Work item: Give again exactly the lines that run from the start of the records to the line holding "#12=(NAMED_UNIT(*) SI_UNIT($,.STERADIAN.) SOLID_ANGLE_UNIT());", both ends counted. Do not include the pictures.

Dataset records:
——
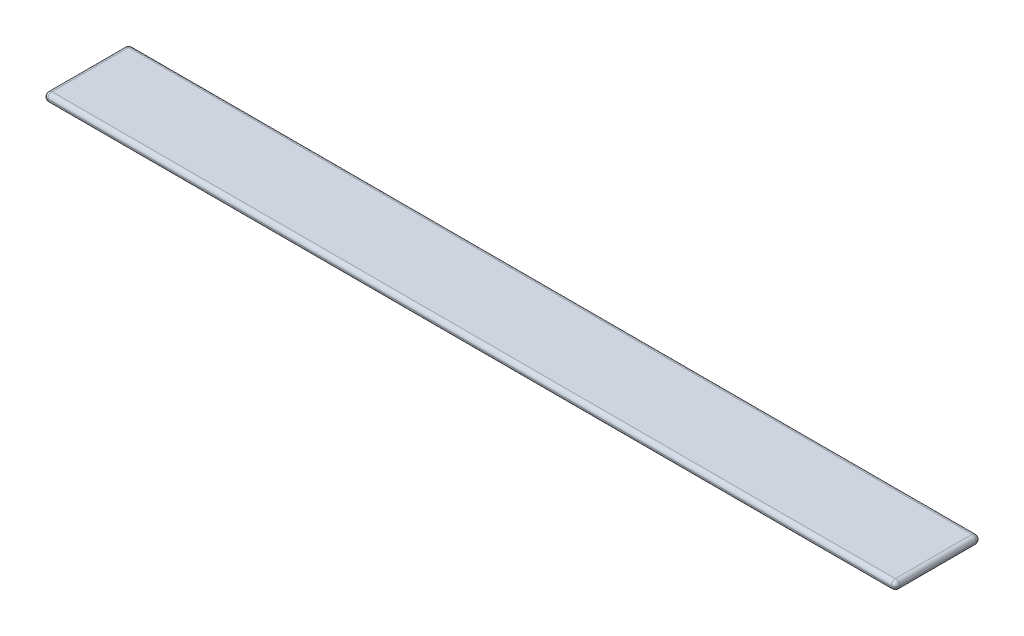
ISO-10303-21;
HEADER;
FILE_DESCRIPTION(('STEP AP214'),'2;1');
FILE_NAME('part.step','',(''),(''),'','','');
FILE_SCHEMA(('AUTOMOTIVE_DESIGN { 1 0 10303 214 1 1 1 1 }'));
ENDSEC;
DATA;
#1=APPLICATION_CONTEXT('core data for automotive mechanical design processes');
#2=APPLICATION_PROTOCOL_DEFINITION('international standard','automotive_design',2000,#1);
#3=PRODUCT_CONTEXT('',#1,'mechanical');
#4=PRODUCT('Part','Part','',(#3));
#5=PRODUCT_RELATED_PRODUCT_CATEGORY('part','',(#4));
#6=PRODUCT_DEFINITION_FORMATION('','',#4);
#7=PRODUCT_DEFINITION_CONTEXT('part definition',#1,'design');
#8=PRODUCT_DEFINITION('design','',#6,#7);
#9=PRODUCT_DEFINITION_SHAPE('','',#8);
#10=(LENGTH_UNIT() NAMED_UNIT(*) SI_UNIT(.MILLI.,.METRE.));
#11=(NAMED_UNIT(*) PLANE_ANGLE_UNIT() SI_UNIT($,.RADIAN.));
#12=(NAMED_UNIT(*) SI_UNIT($,.STERADIAN.) SOLID_ANGLE_UNIT());
#13=UNCERTAINTY_MEASURE_WITH_UNIT(LENGTH_MEASURE(1.E-05),#10,'distance_accuracy_value','');
#14=(GEOMETRIC_REPRESENTATION_CONTEXT(3) GLOBAL_UNCERTAINTY_ASSIGNED_CONTEXT((#13)) GLOBAL_UNIT_ASSIGNED_CONTEXT((#10,
#11,#12)) REPRESENTATION_CONTEXT('',''));
#15=CARTESIAN_POINT('',(0.,0.,0.));
#16=DIRECTION('',(0.,0.,1.));
#17=DIRECTION('',(1.,0.,0.));
#18=AXIS2_PLACEMENT_3D('',#15,#16,#17);
#19=CARTESIAN_POINT('',(0.,0.5,0.));
#20=DIRECTION('',(0.,1.,0.));
#21=DIRECTION('',(0.,0.,1.));
#22=AXIS2_PLACEMENT_3D('',#19,#20,#21);
#23=PLANE('',#22);
#24=DIRECTION('',(-1.,0.,0.));
#25=VECTOR('',#24,1.);
#26=CARTESIAN_POINT('',(0.,0.5,0.25));
#27=LINE('',#26,#25);
#28=CARTESIAN_POINT('',(49.75,0.5,0.25));
#29=VERTEX_POINT('',#28);
#30=CARTESIAN_POINT('',(0.25,0.5,0.25));
#31=VERTEX_POINT('',#30);
#32=EDGE_CURVE('E49',#29,#31,#27,.T.);
#33=ORIENTED_EDGE('',*,*,#32,.T.);
#34=DIRECTION('',(0.,0.,1.));
#35=VECTOR('',#34,1.);
#36=CARTESIAN_POINT('',(0.250000000000001,0.5,5.));
#37=LINE('',#36,#35);
#38=CARTESIAN_POINT('',(0.250000000000001,0.5,4.75));
#39=VERTEX_POINT('',#38);
#40=EDGE_CURVE('E11',#31,#39,#37,.T.);
#41=ORIENTED_EDGE('',*,*,#40,.T.);
#42=DIRECTION('',(1.,0.,0.));
#43=VECTOR('',#42,1.);
#44=CARTESIAN_POINT('',(50.,0.5,4.75));
#45=LINE('',#44,#43);
#46=CARTESIAN_POINT('',(49.75,0.5,4.75));
#47=VERTEX_POINT('',#46);
#48=EDGE_CURVE('E111',#39,#47,#45,.T.);
#49=ORIENTED_EDGE('',*,*,#48,.T.);
#50=DIRECTION('',(0.,0.,-1.));
#51=VECTOR('',#50,1.);
#52=CARTESIAN_POINT('',(49.75,0.5,0.));
#53=LINE('',#52,#51);
#54=EDGE_CURVE('E110',#47,#29,#53,.T.);
#55=ORIENTED_EDGE('',*,*,#54,.T.);
#56=EDGE_LOOP('',(#33,#41,#49,#55));
#57=FACE_BOUND('',#56,.T.);
#58=ADVANCED_FACE('F39',(#57),#23,.T.);
#59=CARTESIAN_POINT('',(0.,0.,0.));
#60=DIRECTION('',(0.,1.,0.));
#61=DIRECTION('',(0.,0.,1.));
#62=AXIS2_PLACEMENT_3D('',#59,#60,#61);
#63=PLANE('',#62);
#64=DIRECTION('',(1.,0.,0.));
#65=VECTOR('',#64,1.);
#66=CARTESIAN_POINT('',(0.,0.,4.75));
#67=LINE('',#66,#65);
#68=CARTESIAN_POINT('',(49.75,0.,4.75));
#69=VERTEX_POINT('',#68);
#70=CARTESIAN_POINT('',(0.250000000000001,0.,4.75));
#71=VERTEX_POINT('',#70);
#72=EDGE_CURVE('E173',#69,#71,#67,.F.);
#73=ORIENTED_EDGE('',*,*,#72,.T.);
#74=DIRECTION('',(0.,0.,1.));
#75=VECTOR('',#74,1.);
#76=CARTESIAN_POINT('',(0.25,0.,0.));
#77=LINE('',#76,#75);
#78=CARTESIAN_POINT('',(0.25,0.,0.25));
#79=VERTEX_POINT('',#78);
#80=EDGE_CURVE('E116',#71,#79,#77,.F.);
#81=ORIENTED_EDGE('',*,*,#80,.T.);
#82=DIRECTION('',(-1.,0.,0.));
#83=VECTOR('',#82,1.);
#84=CARTESIAN_POINT('',(0.,0.,0.25));
#85=LINE('',#84,#83);
#86=CARTESIAN_POINT('',(49.75,0.,0.25));
#87=VERTEX_POINT('',#86);
#88=EDGE_CURVE('E98',#79,#87,#85,.F.);
#89=ORIENTED_EDGE('',*,*,#88,.T.);
#90=DIRECTION('',(0.,0.,-1.));
#91=VECTOR('',#90,1.);
#92=CARTESIAN_POINT('',(49.75,0.,0.));
#93=LINE('',#92,#91);
#94=EDGE_CURVE('E172',#87,#69,#93,.F.);
#95=ORIENTED_EDGE('',*,*,#94,.T.);
#96=EDGE_LOOP('',(#73,#81,#89,#95));
#97=FACE_BOUND('',#96,.T.);
#98=ADVANCED_FACE('F215',(#97),#63,.F.);
#99=CARTESIAN_POINT('',(0.25,0.25,0.25));
#100=DIRECTION('',(-1.,0.,0.));
#101=DIRECTION('',(0.,0.,1.));
#102=AXIS2_PLACEMENT_3D('',#99,#100,#101);
#103=SPHERICAL_SURFACE('',#102,0.25);
#104=CARTESIAN_POINT('',(0.25,0.25,0.25));
#105=DIRECTION('',(-1.,0.,0.));
#106=DIRECTION('',(0.,0.,1.));
#107=AXIS2_PLACEMENT_3D('',#104,#105,#106);
#108=CIRCLE('',#107,0.25);
#109=CARTESIAN_POINT('',(0.25,0.25,0.));
#110=VERTEX_POINT('',#109);
#111=EDGE_CURVE('E125',#110,#31,#108,.F.);
#112=ORIENTED_EDGE('',*,*,#111,.F.);
#113=CARTESIAN_POINT('',(0.25,0.25,0.25));
#114=DIRECTION('',(0.,-1.,0.));
#115=DIRECTION('',(0.,0.,-1.));
#116=AXIS2_PLACEMENT_3D('',#113,#114,#115);
#117=CIRCLE('',#116,0.25);
#118=CARTESIAN_POINT('',(0.,0.25,0.25));
#119=VERTEX_POINT('',#118);
#120=EDGE_CURVE('E43',#119,#110,#117,.T.);
#121=ORIENTED_EDGE('',*,*,#120,.F.);
#122=CARTESIAN_POINT('',(0.25,0.25,0.25));
#123=DIRECTION('',(0.,0.,-1.));
#124=DIRECTION('',(-1.,0.,0.));
#125=AXIS2_PLACEMENT_3D('',#122,#123,#124);
#126=CIRCLE('',#125,0.25);
#127=EDGE_CURVE('E169',#31,#119,#126,.F.);
#128=ORIENTED_EDGE('',*,*,#127,.F.);
#129=EDGE_LOOP('',(#112,#121,#128));
#130=FACE_BOUND('',#129,.T.);
#131=ADVANCED_FACE('F41',(#130),#103,.T.);
#132=CARTESIAN_POINT('',(0.25,0.25,0.25));
#133=DIRECTION('',(0.,0.,-1.));
#134=DIRECTION('',(-1.,0.,0.));
#135=AXIS2_PLACEMENT_3D('',#132,#133,#134);
#136=SPHERICAL_SURFACE('',#135,0.25);
#137=CARTESIAN_POINT('',(0.25,0.25,0.25));
#138=DIRECTION('',(0.,0.,-1.));
#139=DIRECTION('',(-1.,0.,0.));
#140=AXIS2_PLACEMENT_3D('',#137,#138,#139);
#141=CIRCLE('',#140,0.25);
#142=EDGE_CURVE('E161',#119,#79,#141,.F.);
#143=ORIENTED_EDGE('',*,*,#142,.F.);
#144=ORIENTED_EDGE('',*,*,#120,.T.);
#145=CARTESIAN_POINT('',(0.25,0.25,0.25));
#146=DIRECTION('',(-1.,0.,0.));
#147=DIRECTION('',(0.,0.,1.));
#148=AXIS2_PLACEMENT_3D('',#145,#146,#147);
#149=CIRCLE('',#148,0.25);
#150=EDGE_CURVE('E164',#79,#110,#149,.F.);
#151=ORIENTED_EDGE('',*,*,#150,.F.);
#152=EDGE_LOOP('',(#143,#144,#151));
#153=FACE_BOUND('',#152,.T.);
#154=ADVANCED_FACE('F210',(#153),#136,.T.);
#155=CARTESIAN_POINT('',(0.25,0.25,0.));
#156=DIRECTION('',(0.,0.,-1.));
#157=DIRECTION('',(-1.,0.,0.));
#158=AXIS2_PLACEMENT_3D('',#155,#156,#157);
#159=CYLINDRICAL_SURFACE('',#158,0.25);
#160=ORIENTED_EDGE('',*,*,#40,.F.);
#161=ORIENTED_EDGE('',*,*,#127,.T.);
#162=DIRECTION('',(0.,0.,1.));
#163=VECTOR('',#162,1.);
#164=CARTESIAN_POINT('',(0.,0.25,0.));
#165=LINE('',#164,#163);
#166=CARTESIAN_POINT('',(0.,0.25,4.75));
#167=VERTEX_POINT('',#166);
#168=EDGE_CURVE('E158',#167,#119,#165,.F.);
#169=ORIENTED_EDGE('',*,*,#168,.F.);
#170=CARTESIAN_POINT('',(0.250000000000001,0.25,4.75));
#171=DIRECTION('',(0.,0.,1.));
#172=DIRECTION('',(1.,0.,0.));
#173=AXIS2_PLACEMENT_3D('',#170,#171,#172);
#174=CIRCLE('',#173,0.25);
#175=EDGE_CURVE('E133',#39,#167,#174,.T.);
#176=ORIENTED_EDGE('',*,*,#175,.F.);
#177=EDGE_LOOP('',(#160,#161,#169,#176));
#178=FACE_BOUND('',#177,.T.);
#179=ADVANCED_FACE('F233',(#178),#159,.T.);
#180=CARTESIAN_POINT('',(0.,0.25,0.25));
#181=DIRECTION('',(1.,0.,0.));
#182=DIRECTION('',(0.,0.,-1.));
#183=AXIS2_PLACEMENT_3D('',#180,#181,#182);
#184=CYLINDRICAL_SURFACE('',#183,0.25);
#185=CARTESIAN_POINT('',(49.75,0.25,0.25));
#186=DIRECTION('',(1.,0.,0.));
#187=DIRECTION('',(0.,0.,-1.));
#188=AXIS2_PLACEMENT_3D('',#185,#186,#187);
#189=CIRCLE('',#188,0.25);
#190=CARTESIAN_POINT('',(49.75,0.25,0.));
#191=VERTEX_POINT('',#190);
#192=EDGE_CURVE('E123',#191,#29,#189,.T.);
#193=ORIENTED_EDGE('',*,*,#192,.F.);
#194=DIRECTION('',(-1.,0.,0.));
#195=VECTOR('',#194,1.);
#196=CARTESIAN_POINT('',(50.,0.25,0.));
#197=LINE('',#196,#195);
#198=EDGE_CURVE('E167',#110,#191,#197,.F.);
#199=ORIENTED_EDGE('',*,*,#198,.F.);
#200=ORIENTED_EDGE('',*,*,#111,.T.);
#201=ORIENTED_EDGE('',*,*,#32,.F.);
#202=EDGE_LOOP('',(#193,#199,#200,#201));
#203=FACE_BOUND('',#202,.T.);
#204=ADVANCED_FACE('F121',(#203),#184,.T.);
#205=CARTESIAN_POINT('',(0.,0.25,0.25));
#206=DIRECTION('',(-1.,0.,0.));
#207=DIRECTION('',(0.,0.,1.));
#208=AXIS2_PLACEMENT_3D('',#205,#206,#207);
#209=CYLINDRICAL_SURFACE('',#208,0.25);
#210=ORIENTED_EDGE('',*,*,#150,.T.);
#211=ORIENTED_EDGE('',*,*,#198,.T.);
#212=CARTESIAN_POINT('',(49.75,0.25,0.25));
#213=DIRECTION('',(1.,0.,0.));
#214=DIRECTION('',(0.,0.,-1.));
#215=AXIS2_PLACEMENT_3D('',#212,#213,#214);
#216=CIRCLE('',#215,0.25);
#217=EDGE_CURVE('E152',#87,#191,#216,.T.);
#218=ORIENTED_EDGE('',*,*,#217,.F.);
#219=ORIENTED_EDGE('',*,*,#88,.F.);
#220=EDGE_LOOP('',(#210,#211,#218,#219));
#221=FACE_BOUND('',#220,.T.);
#222=ADVANCED_FACE('F209',(#221),#209,.T.);
#223=CARTESIAN_POINT('',(0.25,0.25,0.));
#224=DIRECTION('',(0.,0.,1.));
#225=DIRECTION('',(1.,0.,0.));
#226=AXIS2_PLACEMENT_3D('',#223,#224,#225);
#227=CYLINDRICAL_SURFACE('',#226,0.25);
#228=CARTESIAN_POINT('',(0.250000000000001,0.25,4.75));
#229=DIRECTION('',(0.,0.,1.));
#230=DIRECTION('',(1.,0.,0.));
#231=AXIS2_PLACEMENT_3D('',#228,#229,#230);
#232=CIRCLE('',#231,0.25);
#233=EDGE_CURVE('E149',#167,#71,#232,.T.);
#234=ORIENTED_EDGE('',*,*,#233,.F.);
#235=ORIENTED_EDGE('',*,*,#168,.T.);
#236=ORIENTED_EDGE('',*,*,#142,.T.);
#237=ORIENTED_EDGE('',*,*,#80,.F.);
#238=EDGE_LOOP('',(#234,#235,#236,#237));
#239=FACE_BOUND('',#238,.T.);
#240=ADVANCED_FACE('F214',(#239),#227,.T.);
#241=CARTESIAN_POINT('',(0.250000000000001,0.25,4.75));
#242=DIRECTION('',(-1.,0.,0.));
#243=DIRECTION('',(0.,0.,1.));
#244=AXIS2_PLACEMENT_3D('',#241,#242,#243);
#245=SPHERICAL_SURFACE('',#244,0.25);
#246=ORIENTED_EDGE('',*,*,#175,.T.);
#247=CARTESIAN_POINT('',(0.250000000000001,0.25,4.75));
#248=DIRECTION('',(0.,-1.,0.));
#249=DIRECTION('',(0.,0.,-1.));
#250=AXIS2_PLACEMENT_3D('',#247,#248,#249);
#251=CIRCLE('',#250,0.25);
#252=CARTESIAN_POINT('',(0.250000000000001,0.25,5.));
#253=VERTEX_POINT('',#252);
#254=EDGE_CURVE('E141',#253,#167,#251,.T.);
#255=ORIENTED_EDGE('',*,*,#254,.F.);
#256=CARTESIAN_POINT('',(0.250000000000001,0.25,4.75));
#257=DIRECTION('',(-1.,0.,0.));
#258=DIRECTION('',(0.,-1.,0.));
#259=AXIS2_PLACEMENT_3D('',#256,#257,#258);
#260=CIRCLE('',#259,0.25);
#261=EDGE_CURVE('E138',#39,#253,#260,.F.);
#262=ORIENTED_EDGE('',*,*,#261,.F.);
#263=EDGE_LOOP('',(#246,#255,#262));
#264=FACE_BOUND('',#263,.T.);
#265=ADVANCED_FACE('F232',(#264),#245,.T.);
#266=CARTESIAN_POINT('',(49.75,0.25,0.25));
#267=DIRECTION('',(0.,0.,-1.));
#268=DIRECTION('',(-1.,0.,0.));
#269=AXIS2_PLACEMENT_3D('',#266,#267,#268);
#270=SPHERICAL_SURFACE('',#269,0.25);
#271=CARTESIAN_POINT('',(49.75,0.25,0.25));
#272=DIRECTION('',(0.,1.,0.));
#273=DIRECTION('',(0.,0.,1.));
#274=AXIS2_PLACEMENT_3D('',#271,#272,#273);
#275=CIRCLE('',#274,0.25);
#276=CARTESIAN_POINT('',(50.,0.25,0.25));
#277=VERTEX_POINT('',#276);
#278=EDGE_CURVE('E132',#277,#191,#275,.T.);
#279=ORIENTED_EDGE('',*,*,#278,.T.);
#280=ORIENTED_EDGE('',*,*,#192,.T.);
#281=CARTESIAN_POINT('',(49.75,0.25,0.25));
#282=DIRECTION('',(0.,0.,-1.));
#283=DIRECTION('',(-1.,0.,0.));
#284=AXIS2_PLACEMENT_3D('',#281,#282,#283);
#285=CIRCLE('',#284,0.25);
#286=EDGE_CURVE('E130',#277,#29,#285,.F.);
#287=ORIENTED_EDGE('',*,*,#286,.F.);
#288=EDGE_LOOP('',(#279,#280,#287));
#289=FACE_BOUND('',#288,.T.);
#290=ADVANCED_FACE('F129',(#289),#270,.T.);
#291=CARTESIAN_POINT('',(49.75,0.25,0.25));
#292=DIRECTION('',(0.,0.,-1.));
#293=DIRECTION('',(-1.,0.,0.));
#294=AXIS2_PLACEMENT_3D('',#291,#292,#293);
#295=SPHERICAL_SURFACE('',#294,0.25);
#296=ORIENTED_EDGE('',*,*,#217,.T.);
#297=ORIENTED_EDGE('',*,*,#278,.F.);
#298=CARTESIAN_POINT('',(49.75,0.25,0.25));
#299=DIRECTION('',(0.,0.,-1.));
#300=DIRECTION('',(-1.,0.,0.));
#301=AXIS2_PLACEMENT_3D('',#298,#299,#300);
#302=CIRCLE('',#301,0.25);
#303=EDGE_CURVE('E143',#87,#277,#302,.F.);
#304=ORIENTED_EDGE('',*,*,#303,.F.);
#305=EDGE_LOOP('',(#296,#297,#304));
#306=FACE_BOUND('',#305,.T.);
#307=ADVANCED_FACE('F207',(#306),#295,.T.);
#308=CARTESIAN_POINT('',(0.250000000000001,0.25,4.75));
#309=DIRECTION('',(-1.,0.,0.));
#310=DIRECTION('',(0.,0.,1.));
#311=AXIS2_PLACEMENT_3D('',#308,#309,#310);
#312=SPHERICAL_SURFACE('',#311,0.25);
#313=ORIENTED_EDGE('',*,*,#254,.T.);
#314=ORIENTED_EDGE('',*,*,#233,.T.);
#315=CARTESIAN_POINT('',(0.250000000000001,0.25,4.75));
#316=DIRECTION('',(-1.,0.,0.));
#317=DIRECTION('',(0.,0.,1.));
#318=AXIS2_PLACEMENT_3D('',#315,#316,#317);
#319=CIRCLE('',#318,0.25);
#320=EDGE_CURVE('E200',#253,#71,#319,.F.);
#321=ORIENTED_EDGE('',*,*,#320,.F.);
#322=EDGE_LOOP('',(#313,#314,#321));
#323=FACE_BOUND('',#322,.T.);
#324=ADVANCED_FACE('F231',(#323),#312,.T.);
#325=CARTESIAN_POINT('',(0.,0.25,4.75));
#326=DIRECTION('',(-1.,0.,0.));
#327=DIRECTION('',(0.,0.,1.));
#328=AXIS2_PLACEMENT_3D('',#325,#326,#327);
#329=CYLINDRICAL_SURFACE('',#328,0.25);
#330=ORIENTED_EDGE('',*,*,#48,.F.);
#331=ORIENTED_EDGE('',*,*,#261,.T.);
#332=DIRECTION('',(1.,0.,0.));
#333=VECTOR('',#332,1.);
#334=CARTESIAN_POINT('',(0.,0.25,5.));
#335=LINE('',#334,#333);
#336=CARTESIAN_POINT('',(49.75,0.25,5.));
#337=VERTEX_POINT('',#336);
#338=EDGE_CURVE('E197',#337,#253,#335,.F.);
#339=ORIENTED_EDGE('',*,*,#338,.F.);
#340=CARTESIAN_POINT('',(49.75,0.25,4.75));
#341=DIRECTION('',(1.,0.,0.));
#342=DIRECTION('',(0.,0.,-1.));
#343=AXIS2_PLACEMENT_3D('',#340,#341,#342);
#344=CIRCLE('',#343,0.25);
#345=EDGE_CURVE('E194',#47,#337,#344,.T.);
#346=ORIENTED_EDGE('',*,*,#345,.F.);
#347=EDGE_LOOP('',(#330,#331,#339,#346));
#348=FACE_BOUND('',#347,.T.);
#349=ADVANCED_FACE('F226',(#348),#329,.T.);
#350=CARTESIAN_POINT('',(49.75,0.25,0.));
#351=DIRECTION('',(0.,0.,1.));
#352=DIRECTION('',(1.,0.,0.));
#353=AXIS2_PLACEMENT_3D('',#350,#351,#352);
#354=CYLINDRICAL_SURFACE('',#353,0.25);
#355=DIRECTION('',(0.,0.,-1.));
#356=VECTOR('',#355,1.);
#357=CARTESIAN_POINT('',(50.,0.25,5.));
#358=LINE('',#357,#356);
#359=CARTESIAN_POINT('',(50.,0.25,4.75));
#360=VERTEX_POINT('',#359);
#361=EDGE_CURVE('E136',#277,#360,#358,.F.);
#362=ORIENTED_EDGE('',*,*,#361,.F.);
#363=ORIENTED_EDGE('',*,*,#286,.T.);
#364=ORIENTED_EDGE('',*,*,#54,.F.);
#365=CARTESIAN_POINT('',(49.75,0.25,4.75));
#366=DIRECTION('',(0.,0.,1.));
#367=DIRECTION('',(1.,0.,0.));
#368=AXIS2_PLACEMENT_3D('',#365,#366,#367);
#369=CIRCLE('',#368,0.25);
#370=EDGE_CURVE('E191',#360,#47,#369,.T.);
#371=ORIENTED_EDGE('',*,*,#370,.F.);
#372=EDGE_LOOP('',(#362,#363,#364,#371));
#373=FACE_BOUND('',#372,.T.);
#374=ADVANCED_FACE('F135',(#373),#354,.T.);
#375=CARTESIAN_POINT('',(49.75,0.25,0.));
#376=DIRECTION('',(0.,0.,-1.));
#377=DIRECTION('',(-1.,0.,0.));
#378=AXIS2_PLACEMENT_3D('',#375,#376,#377);
#379=CYLINDRICAL_SURFACE('',#378,0.25);
#380=ORIENTED_EDGE('',*,*,#303,.T.);
#381=ORIENTED_EDGE('',*,*,#361,.T.);
#382=CARTESIAN_POINT('',(49.75,0.25,4.75));
#383=DIRECTION('',(0.,0.,1.));
#384=DIRECTION('',(1.,0.,0.));
#385=AXIS2_PLACEMENT_3D('',#382,#383,#384);
#386=CIRCLE('',#385,0.25);
#387=EDGE_CURVE('E188',#69,#360,#386,.T.);
#388=ORIENTED_EDGE('',*,*,#387,.F.);
#389=ORIENTED_EDGE('',*,*,#94,.F.);
#390=EDGE_LOOP('',(#380,#381,#388,#389));
#391=FACE_BOUND('',#390,.T.);
#392=ADVANCED_FACE('F204',(#391),#379,.T.);
#393=CARTESIAN_POINT('',(0.,0.25,4.75));
#394=DIRECTION('',(1.,0.,0.));
#395=DIRECTION('',(0.,0.,-1.));
#396=AXIS2_PLACEMENT_3D('',#393,#394,#395);
#397=CYLINDRICAL_SURFACE('',#396,0.25);
#398=ORIENTED_EDGE('',*,*,#320,.T.);
#399=ORIENTED_EDGE('',*,*,#72,.F.);
#400=CARTESIAN_POINT('',(49.75,0.25,4.75));
#401=DIRECTION('',(1.,0.,0.));
#402=DIRECTION('',(0.,0.,-1.));
#403=AXIS2_PLACEMENT_3D('',#400,#401,#402);
#404=CIRCLE('',#403,0.25);
#405=EDGE_CURVE('E185',#337,#69,#404,.T.);
#406=ORIENTED_EDGE('',*,*,#405,.F.);
#407=ORIENTED_EDGE('',*,*,#338,.T.);
#408=EDGE_LOOP('',(#398,#399,#406,#407));
#409=FACE_BOUND('',#408,.T.);
#410=ADVANCED_FACE('F218',(#409),#397,.T.);
#411=CARTESIAN_POINT('',(49.75,0.25,4.75));
#412=DIRECTION('',(0.,1.,0.));
#413=DIRECTION('',(0.,0.,1.));
#414=AXIS2_PLACEMENT_3D('',#411,#412,#413);
#415=SPHERICAL_SURFACE('',#414,0.25);
#416=ORIENTED_EDGE('',*,*,#370,.T.);
#417=ORIENTED_EDGE('',*,*,#345,.T.);
#418=CARTESIAN_POINT('',(49.75,0.25,4.75));
#419=DIRECTION('',(0.,1.,0.));
#420=DIRECTION('',(0.,0.,1.));
#421=AXIS2_PLACEMENT_3D('',#418,#419,#420);
#422=CIRCLE('',#421,0.25);
#423=EDGE_CURVE('E182',#360,#337,#422,.F.);
#424=ORIENTED_EDGE('',*,*,#423,.F.);
#425=EDGE_LOOP('',(#416,#417,#424));
#426=FACE_BOUND('',#425,.T.);
#427=ADVANCED_FACE('F224',(#426),#415,.T.);
#428=CARTESIAN_POINT('',(49.75,0.25,4.75));
#429=DIRECTION('',(0.,-1.,0.));
#430=DIRECTION('',(0.,0.,-1.));
#431=AXIS2_PLACEMENT_3D('',#428,#429,#430);
#432=SPHERICAL_SURFACE('',#431,0.25);
#433=ORIENTED_EDGE('',*,*,#405,.T.);
#434=ORIENTED_EDGE('',*,*,#387,.T.);
#435=ORIENTED_EDGE('',*,*,#423,.T.);
#436=EDGE_LOOP('',(#433,#434,#435));
#437=FACE_BOUND('',#436,.T.);
#438=ADVANCED_FACE('F222',(#437),#432,.T.);
#439=CLOSED_SHELL('',(#58,#98,#131,#154,#179,#204,#222,#240,#265,#290,#307,#324,#349,#374,#392,
#410,#427,#438));
#440=MANIFOLD_SOLID_BREP('B2',#439);
#441=ADVANCED_BREP_SHAPE_REPRESENTATION('',(#18,#440),#14);
#442=SHAPE_DEFINITION_REPRESENTATION(#9,#441);
ENDSEC;
END-ISO-10303-21;
——
Completed exercise:
ISO-10303-21;
HEADER;
FILE_DESCRIPTION(('STEP AP214'),'2;1');
FILE_NAME('part.step','',(''),(''),'','','');
FILE_SCHEMA(('AUTOMOTIVE_DESIGN { 1 0 10303 214 1 1 1 1 }'));
ENDSEC;
DATA;
#1=APPLICATION_CONTEXT('core data for automotive mechanical design processes');
#2=APPLICATION_PROTOCOL_DEFINITION('international standard','automotive_design',2000,#1);
#3=PRODUCT_CONTEXT('',#1,'mechanical');
#4=PRODUCT('Part','Part','',(#3));
#5=PRODUCT_RELATED_PRODUCT_CATEGORY('part','',(#4));
#6=PRODUCT_DEFINITION_FORMATION('','',#4);
#7=PRODUCT_DEFINITION_CONTEXT('part definition',#1,'design');
#8=PRODUCT_DEFINITION('design','',#6,#7);
#9=PRODUCT_DEFINITION_SHAPE('','',#8);
#10=(LENGTH_UNIT() NAMED_UNIT(*) SI_UNIT(.MILLI.,.METRE.));
#11=(NAMED_UNIT(*) PLANE_ANGLE_UNIT() SI_UNIT($,.RADIAN.));
#12=(NAMED_UNIT(*) SI_UNIT($,.STERADIAN.) SOLID_ANGLE_UNIT());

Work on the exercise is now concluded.